§ PROBLEM TO WORK ON
Wherever the word "dxfattribs" occurs in the lines below, copy the whole line.
[[ GIVEN INFORMATION, beginning ]]
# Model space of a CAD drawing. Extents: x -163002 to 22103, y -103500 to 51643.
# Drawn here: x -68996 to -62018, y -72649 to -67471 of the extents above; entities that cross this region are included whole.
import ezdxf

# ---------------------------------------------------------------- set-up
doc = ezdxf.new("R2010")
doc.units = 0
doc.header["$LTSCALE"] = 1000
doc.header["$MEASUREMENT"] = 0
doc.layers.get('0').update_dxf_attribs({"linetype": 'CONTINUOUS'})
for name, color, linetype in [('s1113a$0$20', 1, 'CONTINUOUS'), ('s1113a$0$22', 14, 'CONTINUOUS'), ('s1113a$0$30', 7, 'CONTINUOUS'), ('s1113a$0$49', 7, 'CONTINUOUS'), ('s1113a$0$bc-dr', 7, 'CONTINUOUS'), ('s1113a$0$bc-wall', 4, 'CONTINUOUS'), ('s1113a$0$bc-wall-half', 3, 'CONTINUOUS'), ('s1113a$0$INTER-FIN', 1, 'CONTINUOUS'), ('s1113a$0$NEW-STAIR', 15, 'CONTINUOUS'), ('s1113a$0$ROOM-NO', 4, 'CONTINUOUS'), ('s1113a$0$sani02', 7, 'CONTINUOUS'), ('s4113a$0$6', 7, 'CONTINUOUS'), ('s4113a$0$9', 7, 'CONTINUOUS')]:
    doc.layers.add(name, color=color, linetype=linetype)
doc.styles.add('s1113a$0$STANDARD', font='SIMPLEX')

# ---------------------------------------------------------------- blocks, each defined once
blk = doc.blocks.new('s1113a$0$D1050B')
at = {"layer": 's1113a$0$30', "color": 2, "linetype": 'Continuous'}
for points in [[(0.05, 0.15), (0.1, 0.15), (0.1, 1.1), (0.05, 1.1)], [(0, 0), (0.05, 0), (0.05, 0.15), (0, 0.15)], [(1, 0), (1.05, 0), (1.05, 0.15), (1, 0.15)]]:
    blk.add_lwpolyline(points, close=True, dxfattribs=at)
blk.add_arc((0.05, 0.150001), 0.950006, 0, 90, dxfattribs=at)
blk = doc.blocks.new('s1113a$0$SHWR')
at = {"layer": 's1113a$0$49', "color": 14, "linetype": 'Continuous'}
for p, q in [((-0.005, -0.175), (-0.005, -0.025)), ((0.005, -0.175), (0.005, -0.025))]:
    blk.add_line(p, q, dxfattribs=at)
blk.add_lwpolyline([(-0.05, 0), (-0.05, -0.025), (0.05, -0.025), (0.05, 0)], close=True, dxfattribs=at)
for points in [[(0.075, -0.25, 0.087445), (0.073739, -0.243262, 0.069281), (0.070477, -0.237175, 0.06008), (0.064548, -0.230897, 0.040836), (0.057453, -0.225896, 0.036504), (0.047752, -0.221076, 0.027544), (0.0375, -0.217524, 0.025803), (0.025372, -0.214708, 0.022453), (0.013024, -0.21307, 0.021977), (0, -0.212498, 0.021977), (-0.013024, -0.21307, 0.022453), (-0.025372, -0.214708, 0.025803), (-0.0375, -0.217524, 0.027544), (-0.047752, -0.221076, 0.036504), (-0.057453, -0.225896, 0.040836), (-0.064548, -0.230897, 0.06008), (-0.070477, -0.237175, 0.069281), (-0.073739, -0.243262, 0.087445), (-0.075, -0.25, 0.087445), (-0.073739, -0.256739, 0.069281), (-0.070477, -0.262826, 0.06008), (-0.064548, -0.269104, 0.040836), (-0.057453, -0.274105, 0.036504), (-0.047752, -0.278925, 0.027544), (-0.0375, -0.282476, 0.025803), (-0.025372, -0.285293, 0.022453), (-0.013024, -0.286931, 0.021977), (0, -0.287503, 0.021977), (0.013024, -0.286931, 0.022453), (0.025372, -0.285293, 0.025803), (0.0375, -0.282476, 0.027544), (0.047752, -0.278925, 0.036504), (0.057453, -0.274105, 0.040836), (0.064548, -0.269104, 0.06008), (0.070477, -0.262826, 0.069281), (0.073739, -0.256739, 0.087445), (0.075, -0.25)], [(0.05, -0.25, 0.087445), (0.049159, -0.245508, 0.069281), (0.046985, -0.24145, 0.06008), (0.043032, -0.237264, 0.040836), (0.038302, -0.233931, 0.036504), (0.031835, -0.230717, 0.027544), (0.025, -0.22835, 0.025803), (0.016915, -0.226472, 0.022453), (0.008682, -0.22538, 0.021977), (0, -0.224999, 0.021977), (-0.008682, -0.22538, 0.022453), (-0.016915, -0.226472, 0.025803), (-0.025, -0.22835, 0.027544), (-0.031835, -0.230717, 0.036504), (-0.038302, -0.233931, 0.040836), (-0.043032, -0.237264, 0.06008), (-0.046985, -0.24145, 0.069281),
[[ GIVEN INFORMATION, end ]]
§ TASK SOLUTION
    blk.add_lwpolyline(points, close=True, dxfattribs=at)
blk.add_arc((0.05, 0.150001), 0.950006, 0, 90, dxfattribs=at)
    blk.add_line(p, q, dxfattribs=at)
blk.add_lwpolyline([(-0.05, 0), (-0.05, -0.025), (0.05, -0.025), (0.05, 0)], close=True, dxfattribs=at)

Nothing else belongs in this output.